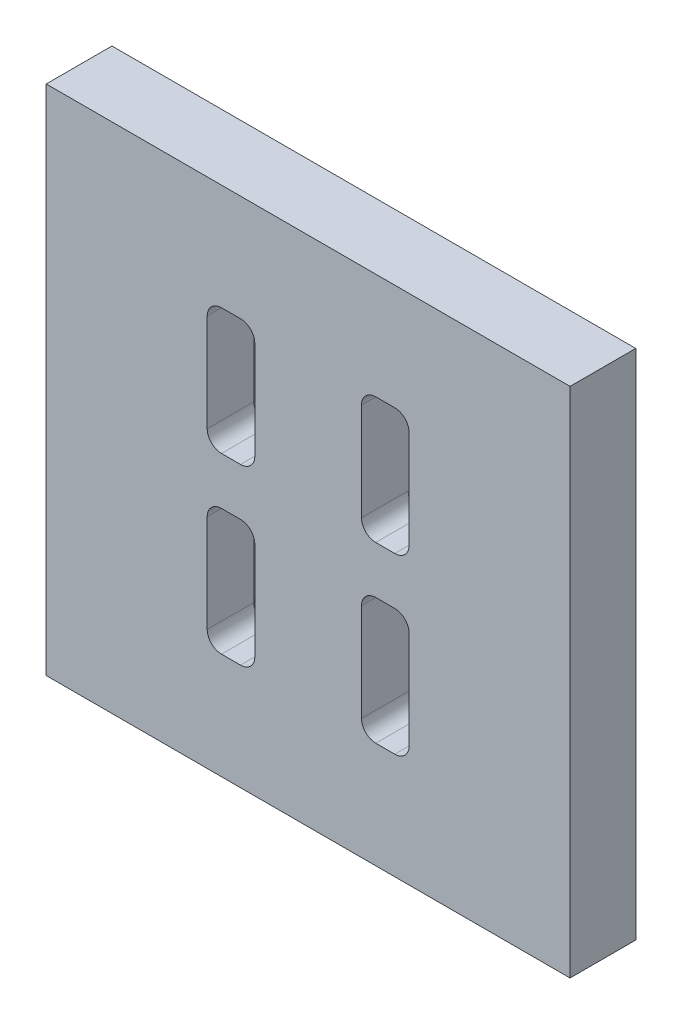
from build123d import *

# Parameters (mm, degrees)
SKETCH1_W           = 69.85
SKETCH1_H           = 68.326
BOSS_EXTRUDE1_DEPTH = 8.763
CUT_EXTRUDE3_DEPTH  = 2.54
CUT_EXTRUDE1_DEPTH  = 99.103287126


with BuildPart() as part:
    # Sketch1 → Boss-Extrude1 (new body)
    with BuildSketch(Plane.XY):
        with Locations((34.925, 34.163)):
            Rectangle(SKETCH1_W, SKETCH1_H)
    extrude(amount=BOSS_EXTRUDE1_DEPTH)

    # Sketch5 → Cut-Extrude3 (cut)
    with BuildSketch(Plane(origin=(0, 0, 0), x_dir=(-1, 0, 0), z_dir=(0, 0, -1))):
        with BuildLine():
            Line((-27.813, 52.2605), (-27.813, 16.0655))
            ThreePointArc((-27.813, 16.0655), (-27.255038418, 14.718461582), (-25.908, 14.1605))
            Line((-25.908, 14.1605), (-10.668, 14.1605))
            ThreePointArc((-10.668, 14.1605), (-9.320961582, 14.718461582), (-8.763, 16.0655))
            Line((-8.763, 16.0655), (-8.763, 52.2605))
            ThreePointArc((-8.763, 52.2605), (-9.320961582, 53.607538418), (-10.668, 54.1655))
            Line((-10.668, 54.1655), (-25.908, 54.1655))
            ThreePointArc((-25.908, 54.1655), (-27.255038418, 53.607538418), (-27.813, 52.2605))
        make_face()
        with BuildLine():
            Line((-59.182, 54.1655), (-43.942, 54.1655))
            ThreePointArc((-43.942, 54.1655), (-42.594961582, 53.607538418), (-42.037, 52.2605))
            Line((-42.037, 52.2605), (-42.037, 16.0655))
            ThreePointArc((-42.037, 16.0655), (-42.594961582, 14.718461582), (-43.942, 14.1605))
            Line((-43.942, 14.1605), (-59.182, 14.1605))
            ThreePointArc((-59.182, 14.1605), (-60.529038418, 14.718461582), (-61.087, 16.0655))
            Line((-61.087, 16.0655), (-61.087, 52.2605))
            ThreePointArc((-61.087, 52.2605), (-60.529038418, 53.607538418), (-59.182, 54.1655))
        make_face()
    extrude(amount=-CUT_EXTRUDE3_DEPTH, mode=Mode.SUBTRACT)

    # Sketch3 → Cut-Extrude1 (cut, through all)
    with BuildSketch(Plane(origin=(0, 0, 0), x_dir=(-1, 0, 0), z_dir=(0, 0, -1))):
        with BuildLine():
            Line((-46.482, 54.1655), (-43.942, 54.1655))
            ThreePointArc((-43.942, 54.1655), (-42.594961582, 53.607538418), (-42.037, 52.2605))
            Line((-42.037, 52.2605), (-42.037, 39.243))
            ThreePointArc((-42.037, 39.243), (-42.594961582, 37.895961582), (-43.942, 37.338))
            Line((-43.942, 37.338), (-46.482, 37.338))
            ThreePointArc((-46.482, 37.338), (-47.829038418, 37.895961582), (-48.387, 39.243))
            Line((-48.387, 39.243), (-48.387, 52.2605))
            ThreePointArc((-48.387, 52.2605), (-47.829038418, 53.607538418), (-46.482, 54.1655))
        make_face()
        with BuildLine():
            Line((-23.368, 54.1655), (-25.908, 54.1655))
            ThreePointArc((-25.908, 54.1655), (-27.255038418, 53.607538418), (-27.813, 52.2605))
            Line((-27.813, 52.2605), (-27.813, 39.243))
            ThreePointArc((-27.813, 39.243), (-27.255038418, 37.895961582), (-25.908, 37.338))
            Line((-25.908, 37.338), (-23.368, 37.338))
            ThreePointArc((-23.368, 37.338), (-22.020961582, 37.895961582), (-21.463, 39.243))
            Line((-21.463, 39.243), (-21.463, 52.2605))
            ThreePointArc((-21.463, 52.2605), (-22.020961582, 53.607538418), (-23.368, 54.1655))
        make_face()
        with BuildLine():
            Line((-23.368, 14.1605), (-25.908, 14.1605))
            ThreePointArc((-25.908, 14.1605), (-27.255038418, 14.718461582), (-27.813, 16.0655))
            Line((-27.813, 16.0655), (-27.813, 29.083))
            ThreePointArc((-27.813, 29.083), (-27.255038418, 30.430038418), (-25.908, 30.988))
            Line((-25.908, 30.988), (-23.368, 30.988))
            ThreePointArc((-23.368, 30.988), (-22.020961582, 30.430038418), (-21.463, 29.083))
            Line((-21.463, 29.083), (-21.463, 16.0655))
            ThreePointArc((-21.463, 16.0655), (-22.020961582, 14.718461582), (-23.368, 14.1605))
        make_face()
        with BuildLine():
            Line((-46.482, 14.1605), (-43.942, 14.1605))
            ThreePointArc((-43.942, 14.1605), (-42.594961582, 14.718461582), (-42.037, 16.0655))
            Line((-42.037, 16.0655), (-42.037, 29.083))
            ThreePointArc((-42.037, 29.083), (-42.594961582, 30.430038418), (-43.942, 30.988))
            Line((-43.942, 30.988), (-46.482, 30.988))
            ThreePointArc((-46.482, 30.988), (-47.829038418, 30.430038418), (-48.387, 29.083))
            Line((-48.387, 29.083), (-48.387, 16.0655))
            ThreePointArc((-48.387, 16.0655), (-47.829038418, 14.718461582), (-46.482, 14.1605))
        make_face()
    extrude(amount=-CUT_EXTRUDE1_DEPTH, mode=Mode.SUBTRACT)


solid = part.part
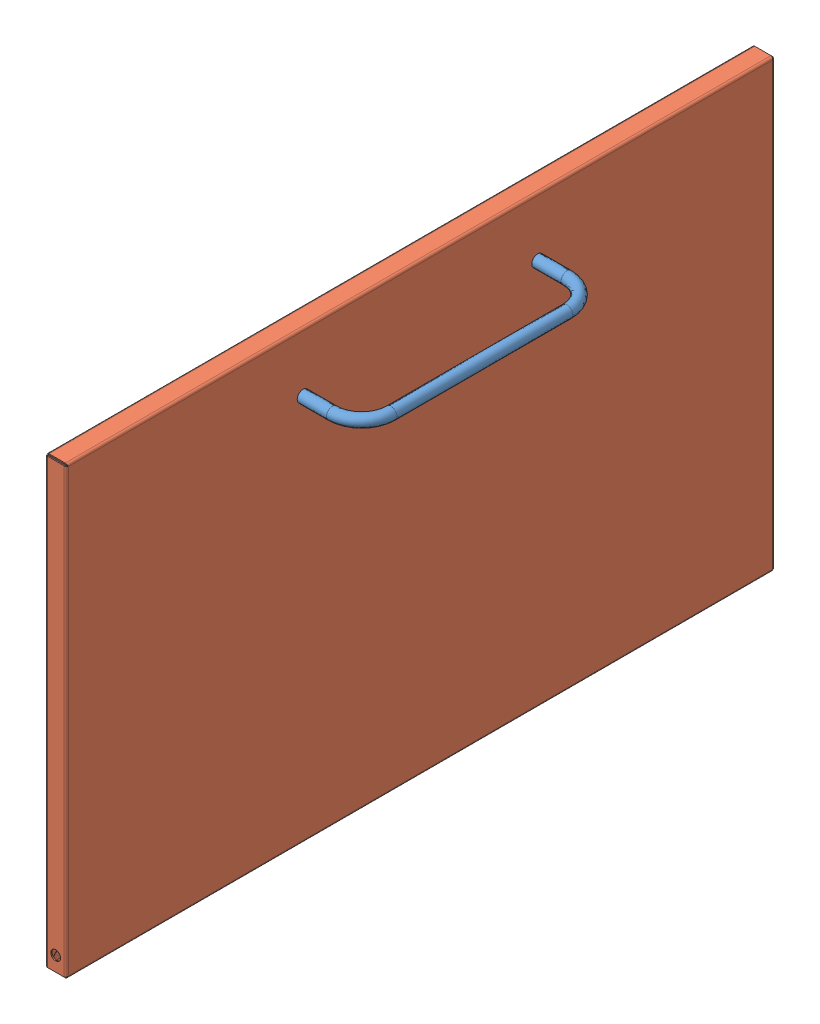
SolidWorks assembly Door Assembly.SLDASM, configuration Default (file format 10000). Lengths in mm.
Overall size (55.35 289.56 460.38).
2 component instances, 2 part files, 3 mates.
Components (placement in the parent):
- Handle, D-1: Handle, D.SLDPRT [Default] at (41.0718 -38.1 230.1875) x (0 0 -1) z (-1 0 0) size (160.02 7.62 41.91)
- Panel, Door-1: Panel, Door.SLDPRT [Default] at (2.2352 0 0) size (13.44 289.56 460.38)
Mates (geometry in assembly coordinates):
- Concentric1: concentric anti-aligned: circle of Panel, Door-1; circle of Handle, D-1
- Coincident1: coincident anti-aligned: plane of Panel, Door-1 through (2.9718 -289.56 460.375) normal (1 0 0); plane of Handle, D-1 through (2.9718 -38.1 306.3875) normal (-1 0 0)
- Concentric2: concentric anti-aligned: circle of Panel, Door-1; circle of Handle, D-1

#### EXERCISE
All the material above must be copied exactly, and no picture belongs in the copy.

#### WORKED SOLUTION
from build123d import *

# Parameters (mm, degrees)
SKETCH1_W           = 69.85
SKETCH1_H           = 68.326
BOSS_EXTRUDE1_DEPTH = 8.763
CUT_EXTRUDE3_DEPTH  = 2.54
CUT_EXTRUDE1_DEPTH  = 99.103287126


with BuildPart() as part:
    # Sketch1 → Boss-Extrude1 (new body)
    with BuildSketch(Plane.XY):
        with Locations((34.925, 34.163)):
            Rectangle(SKETCH1_W, SKETCH1_H)
    extrude(amount=BOSS_EXTRUDE1_DEPTH)

    # Sketch5 → Cut-Extrude3 (cut)
    with BuildSketch(Plane(origin=(0, 0, 0), x_dir=(-1, 0, 0), z_dir=(0, 0, -1))):
        with BuildLine():
            Line((-27.813, 52.2605), (-27.813, 16.0655))
            ThreePointArc((-27.813, 16.0655), (-27.255038418, 14.718461582), (-25.908, 14.1605))
            Line((-25.908, 14.1605), (-10.668, 14.1605))
            ThreePointArc((-10.668, 14.1605), (-9.320961582, 14.718461582), (-8.763, 16.0655))
            Line((-8.763, 16.0655), (-8.763, 52.2605))
            ThreePointArc((-8.763, 52.2605), (-9.320961582, 53.607538418), (-10.668, 54.1655))
            Line((-10.668, 54.1655), (-25.908, 54.1655))
            ThreePointArc((-25.908, 54.1655), (-27.255038418, 53.607538418), (-27.813, 52.2605))
        make_face()
        with BuildLine():
            Line((-59.182, 54.1655), (-43.942, 54.1655))
            ThreePointArc((-43.942, 54.1655), (-42.594961582, 53.607538418), (-42.037, 52.2605))
            Line((-42.037, 52.2605), (-42.037, 16.0655))
            ThreePointArc((-42.037, 16.0655), (-42.594961582, 14.718461582), (-43.942, 14.1605))
            Line((-43.942, 14.1605), (-59.182, 14.1605))
            ThreePointArc((-59.182, 14.1605), (-60.529038418, 14.718461582), (-61.087, 16.0655))
            Line((-61.087, 16.0655), (-61.087, 52.2605))
            ThreePointArc((-61.087, 52.2605), (-60.529038418, 53.607538418), (-59.182, 54.1655))
        make_face()
    extrude(amount=-CUT_EXTRUDE3_DEPTH, mode=Mode.SUBTRACT)

    # Sketch3 → Cut-Extrude1 (cut, through all)
    with BuildSketch(Plane(origin=(0, 0, 0), x_dir=(-1, 0, 0), z_dir=(0, 0, -1))):
        with BuildLine():
            Line((-46.482, 54.1655), (-43.942, 54.1655))
            ThreePointArc((-43.942, 54.1655), (-42.594961582, 53.607538418), (-42.037, 52.2605))
            Line((-42.037, 52.2605), (-42.037, 39.243))
            ThreePointArc((-42.037, 39.243), (-42.594961582, 37.895961582), (-43.942, 37.338))
            Line((-43.942, 37.338), (-46.482, 37.338))
            ThreePointArc((-46.482, 37.338), (-47.829038418, 37.895961582), (-48.387, 39.243))
            Line((-48.387, 39.243), (-48.387, 52.2605))
            ThreePointArc((-48.387, 52.2605), (-47.829038418, 53.607538418), (-46.482, 54.1655))
        make_face()
        with BuildLine():
            Line((-23.368, 54.1655), (-25.908, 54.1655))
            ThreePointArc((-25.908, 54.1655), (-27.255038418, 53.607538418), (-27.813, 52.2605))
            Line((-27.813, 52.2605), (-27.813, 39.243))
            ThreePointArc((-27.813, 39.243), (-27.255038418, 37.895961582), (-25.908, 37.338))
            Line((-25.908, 37.338), (-23.368, 37.338))
            ThreePointArc((-23.368, 37.338), (-22.020961582, 37.895961582), (-21.463, 39.243))
            Line((-21.463, 39.243), (-21.463, 52.2605))
            ThreePointArc((-21.463, 52.2605), (-22.020961582, 53.607538418), (-23.368, 54.1655))
        make_face()
        with BuildLine():
            Line((-23.368, 14.1605), (-25.908, 14.1605))
            ThreePointArc((-25.908, 14.1605), (-27.255038418, 14.718461582), (-27.813, 16.0655))
            Line((-27.813, 16.0655), (-27.813, 29.083))
            ThreePointArc((-27.813, 29.083), (-27.255038418, 30.430038418), (-25.908, 30.988))
            Line((-25.908, 30.988), (-23.368, 30.988))
            ThreePointArc((-23.368, 30.988), (-22.020961582, 30.430038418), (-21.463, 29.083))
            Line((-21.463, 29.083), (-21.463, 16.0655))
            ThreePointArc((-21.463, 16.0655), (-22.020961582, 14.718461582), (-23.368, 14.1605))
        make_face()
        with BuildLine():
            Line((-46.482, 14.1605), (-43.942, 14.1605))
            ThreePointArc((-43.942, 14.1605), (-42.594961582, 14.718461582), (-42.037, 16.0655))
            Line((-42.037, 16.0655), (-42.037, 29.083))
            ThreePointArc((-42.037, 29.083), (-42.594961582, 30.430038418), (-43.942, 30.988))
            Line((-43.942, 30.988), (-46.482, 30.988))
            ThreePointArc((-46.482, 30.988), (-47.829038418, 30.430038418), (-48.387, 29.083))
            Line((-48.387, 29.083), (-48.387, 16.0655))
            ThreePointArc((-48.387, 16.0655), (-47.829038418, 14.718461582), (-46.482, 14.1605))
        make_face()
    extrude(amount=-CUT_EXTRUDE1_DEPTH, mode=Mode.SUBTRACT)


solid = part.part
SolidWorks assembly Door Assembly.SLDASM, configuration Default (file format 10000). Lengths in mm.
Overall size (55.35 289.56 460.38).
2 component instances, 2 part files, 3 mates.
Components (placement in the parent):
- Handle, D-1: Handle, D.SLDPRT [Default] at (41.0718 -38.1 230.1875) x (0 0 -1) z (-1 0 0) size (160.02 7.62 41.91)
- Panel, Door-1: Panel, Door.SLDPRT [Default] at (2.2352 0 0) size (13.44 289.56 460.38)
Mates (geometry in assembly coordinates):
- Concentric1: concentric anti-aligned: circle of Panel, Door-1; circle of Handle, D-1
- Coincident1: coincident anti-aligned: plane of Panel, Door-1 through (2.9718 -289.56 460.375) normal (1 0 0); plane of Handle, D-1 through (2.9718 -38.1 306.3875) normal (-1 0 0)
- Concentric2: concentric anti-aligned: circle of Panel, Door-1; circle of Handle, D-1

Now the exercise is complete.